我努力盯着她,发出咯咯的笑声:“哈哈,女杀手!”
她冷笑了一下,我几乎没有听到声音。此刻我的脑子里响起了鼓点,来自丛林深处的战争鼓点。丛林上方投射出来的光线和阴影开始晃动,还有树荫发出的沙沙声传来。我不想倒下。我倒下了。
女孩的声音像是小精灵一般,从遥远的地方传来。
“对半分了,嗯?他不喜欢我的方式,嗯?上帝保佑他那颗蠢脑袋。我们会处置他的。”
在一片模糊飘忽之中,我似乎听到了一声闷响,有可能是枪声。我希望她杀了马德尔,但她没有。她只是帮了我一个忙——把我打晕,而且用的是我那根橡皮棍。
我醒过来的时候已经是晚上了。头上方有什么东西发出了沉闷的响声。黄色的光穿过桌子上方那扇开着的窗户,照射到另外一栋建筑物高处的外墙上。那个东西又响了一下,灯暗了。是屋顶上的一个广告牌。
我从地板上爬起来,像是从泥潭里爬出来一样。我费力地走向洗手盆,把水泼到自己脸上,脑子开始恢复清醒,我活动了一下脸部肌肉,慢慢走到门边,打开灯。
一些文件散落在桌子上,还有几根断掉的铅笔,几个信封,一个褐色的威士忌空酒瓶,一些烟头和烟灰。几个抽屉都已经被人翻遍了。我想我已经没必要再去翻了,于是很快离开了这间办公室。我再次走进那个摇摇晃晃的电梯,回到街道上,钻进一家酒吧,喝了一杯白兰地,然后开着自己的车回家了。
我换了身衣服,打包收拾好东西,喝了些威士忌。随后接到了一个电话。
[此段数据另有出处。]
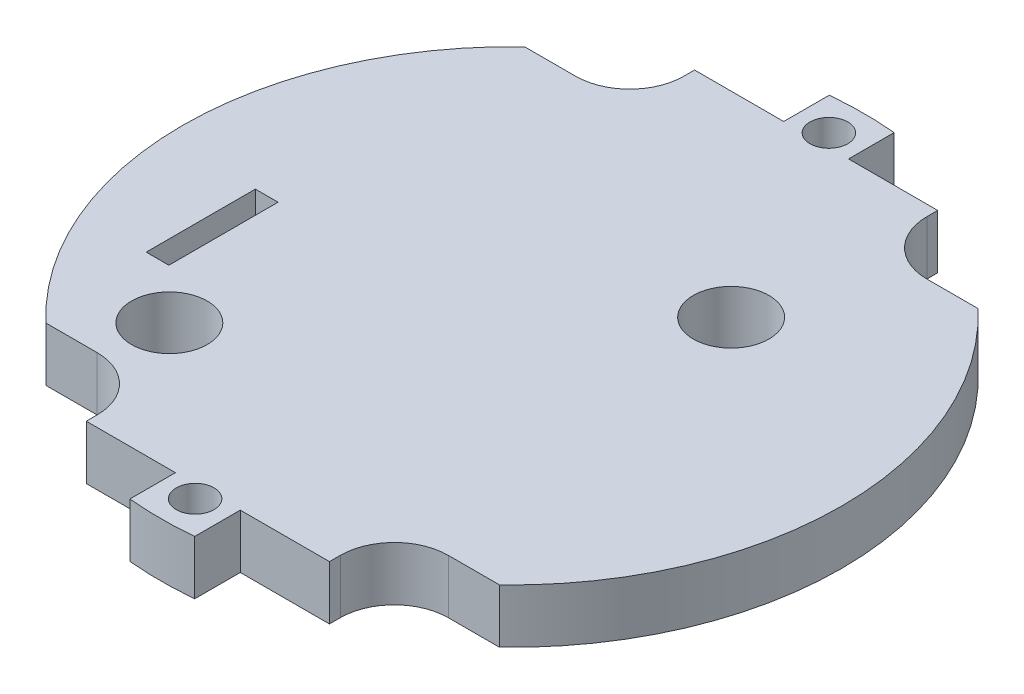
ISO-10303-21;
HEADER;
FILE_DESCRIPTION(('STEP AP214'),'2;1');
FILE_NAME('part.step','',(''),(''),'','','');
FILE_SCHEMA(('AUTOMOTIVE_DESIGN { 1 0 10303 214 1 1 1 1 }'));
ENDSEC;
DATA;
#1=APPLICATION_CONTEXT('core data for automotive mechanical design processes');
#2=APPLICATION_PROTOCOL_DEFINITION('international standard','automotive_design',2000,#1);
#3=PRODUCT_CONTEXT('',#1,'mechanical');
#4=PRODUCT('Part','Part','',(#3));
#5=PRODUCT_RELATED_PRODUCT_CATEGORY('part','',(#4));
#6=PRODUCT_DEFINITION_FORMATION('','',#4);
#7=PRODUCT_DEFINITION_CONTEXT('part definition',#1,'design');
#8=PRODUCT_DEFINITION('design','',#6,#7);
#9=PRODUCT_DEFINITION_SHAPE('','',#8);
#10=(LENGTH_UNIT() NAMED_UNIT(*) SI_UNIT(.MILLI.,.METRE.));
#11=(NAMED_UNIT(*) PLANE_ANGLE_UNIT() SI_UNIT($,.RADIAN.));
#12=(NAMED_UNIT(*) SI_UNIT($,.STERADIAN.) SOLID_ANGLE_UNIT());
#13=UNCERTAINTY_MEASURE_WITH_UNIT(LENGTH_MEASURE(1.E-05),#10,'distance_accuracy_value','');
#14=(GEOMETRIC_REPRESENTATION_CONTEXT(3) GLOBAL_UNCERTAINTY_ASSIGNED_CONTEXT((#13)) GLOBAL_UNIT_ASSIGNED_CONTEXT((#10,
#11,#12)) REPRESENTATION_CONTEXT('',''));
#15=CARTESIAN_POINT('',(0.,0.,0.));
#16=DIRECTION('',(0.,0.,1.));
#17=DIRECTION('',(1.,0.,0.));
#18=AXIS2_PLACEMENT_3D('',#15,#16,#17);
#19=CARTESIAN_POINT('',(0.,5.,22.1412422505688));
#20=DIRECTION('',(0.,0.,-1.));
#21=DIRECTION('',(-1.,0.,0.));
#22=AXIS2_PLACEMENT_3D('',#19,#20,#21);
#23=PLANE('',#22);
#24=DIRECTION('',(1.,0.,0.));
#25=VECTOR('',#24,1.);
#26=CARTESIAN_POINT('',(0.,0.,22.1412422505688));
#27=LINE('',#26,#25);
#28=CARTESIAN_POINT('',(-20.9765438431031,0.,22.1412422505688));
#29=VERTEX_POINT('',#28);
#30=CARTESIAN_POINT('',(-16.25,0.,22.1412422505688));
#31=VERTEX_POINT('',#30);
#32=EDGE_CURVE('E314',#29,#31,#27,.T.);
#33=ORIENTED_EDGE('',*,*,#32,.T.);
#34=DIRECTION('',(0.,-1.,0.));
#35=VECTOR('',#34,1.);
#36=CARTESIAN_POINT('',(-16.25,5.,22.1412422505688));
#37=LINE('',#36,#35);
#38=CARTESIAN_POINT('',(-16.25,5.,22.1412422505688));
#39=VERTEX_POINT('',#38);
#40=EDGE_CURVE('E416',#31,#39,#37,.F.);
#41=ORIENTED_EDGE('',*,*,#40,.T.);
#42=DIRECTION('',(1.,0.,0.));
#43=VECTOR('',#42,1.);
#44=CARTESIAN_POINT('',(0.,5.,22.1412422505688));
#45=LINE('',#44,#43);
#46=CARTESIAN_POINT('',(-20.9765438431031,5.,22.1412422505688));
#47=VERTEX_POINT('',#46);
#48=EDGE_CURVE('E258',#47,#39,#45,.T.);
#49=ORIENTED_EDGE('',*,*,#48,.F.);
#50=DIRECTION('',(0.,-1.,0.));
#51=VECTOR('',#50,1.);
#52=CARTESIAN_POINT('',(-20.9765438431031,5.,22.1412422505688));
#53=LINE('',#52,#51);
#54=EDGE_CURVE('E313',#47,#29,#53,.T.);
#55=ORIENTED_EDGE('',*,*,#54,.T.);
#56=EDGE_LOOP('',(#33,#41,#49,#55));
#57=FACE_BOUND('',#56,.T.);
#58=ADVANCED_FACE('F35',(#57),#23,.F.);
#59=CARTESIAN_POINT('',(-11.25,5.,0.));
#60=DIRECTION('',(-1.,0.,0.));
#61=DIRECTION('',(0.,0.,1.));
#62=AXIS2_PLACEMENT_3D('',#59,#60,#61);
#63=PLANE('',#62);
#64=DIRECTION('',(0.,0.,-1.));
#65=VECTOR('',#64,1.);
#66=CARTESIAN_POINT('',(-11.25,5.,0.));
#67=LINE('',#66,#65);
#68=CARTESIAN_POINT('',(-11.25,5.,28.1412422505688));
#69=VERTEX_POINT('',#68);
#70=CARTESIAN_POINT('',(-11.25,5.,27.1412422505688));
#71=VERTEX_POINT('',#70);
#72=EDGE_CURVE('E261',#69,#71,#67,.T.);
#73=ORIENTED_EDGE('',*,*,#72,.T.);
#74=DIRECTION('',(0.,-1.,0.));
#75=VECTOR('',#74,1.);
#76=CARTESIAN_POINT('',(-11.25,5.,27.1412422505688));
#77=LINE('',#76,#75);
#78=CARTESIAN_POINT('',(-11.25,0.,27.1412422505688));
#79=VERTEX_POINT('',#78);
#80=EDGE_CURVE('E413',#71,#79,#77,.T.);
#81=ORIENTED_EDGE('',*,*,#80,.T.);
#82=DIRECTION('',(0.,0.,-1.));
#83=VECTOR('',#82,1.);
#84=CARTESIAN_POINT('',(-11.25,0.,0.));
#85=LINE('',#84,#83);
#86=CARTESIAN_POINT('',(-11.25,0.,28.1412422505688));
#87=VERTEX_POINT('',#86);
#88=EDGE_CURVE('E317',#87,#79,#85,.T.);
#89=ORIENTED_EDGE('',*,*,#88,.F.);
#90=DIRECTION('',(0.,-1.,0.));
#91=VECTOR('',#90,1.);
#92=CARTESIAN_POINT('',(-11.25,5.,28.1412422505688));
#93=LINE('',#92,#91);
#94=EDGE_CURVE('E406',#69,#87,#93,.T.);
#95=ORIENTED_EDGE('',*,*,#94,.F.);
#96=EDGE_LOOP('',(#73,#81,#89,#95));
#97=FACE_BOUND('',#96,.T.);
#98=ADVANCED_FACE('F511',(#97),#63,.T.);
#99=CARTESIAN_POINT('',(0.,5.,28.1412422505688));
#100=DIRECTION('',(0.,0.,1.));
#101=DIRECTION('',(1.,0.,0.));
#102=AXIS2_PLACEMENT_3D('',#99,#100,#101);
#103=PLANE('',#102);
#104=DIRECTION('',(-1.,0.,0.));
#105=VECTOR('',#104,1.);
#106=CARTESIAN_POINT('',(0.,0.,28.1412422505688));
#107=LINE('',#106,#105);
#108=CARTESIAN_POINT('',(-2.99999999999999,0.,28.1412422505688));
#109=VERTEX_POINT('',#108);
#110=EDGE_CURVE('E322',#109,#87,#107,.T.);
#111=ORIENTED_EDGE('',*,*,#110,.F.);
#112=DIRECTION('',(0.,-1.,0.));
#113=VECTOR('',#112,1.);
#114=CARTESIAN_POINT('',(-2.99999999999999,5.,28.1412422505688));
#115=LINE('',#114,#113);
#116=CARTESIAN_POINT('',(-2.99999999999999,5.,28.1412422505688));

那时候大概是9点30分。
是凯西·霍姆的声音:“那你还没走咯。我正希望你没走。”“一个人在家?”我问道,声音还有些沙哑。
“是的,但现在还不是。房间里都是警察,他们来了几个小时了。他们很友善,很体贴。他们觉得应该是因为一些宿怨。”
“所以这通电话很可能被监听着!”我咆哮道,“你刚刚说我要去哪里来着?”
“嗯……你的女朋友告诉我了。”
“一个黑头发女孩?很冷酷的样子?叫卡萝尔·多诺万?”
“她有你的名片。怎么了?难道是……”
“我没有女朋友,”我厉声说道,“而且我顺便赌上一把,你想都没想,就说出了那个名字了——那个北方小镇的名字。对吧?”“是……是的。”凯西·霍姆用微弱的声音说道。
我坐了当晚的飞机飞向北方。
旅途很不错,只不过我有些头疼,很渴望喝上一口冰水。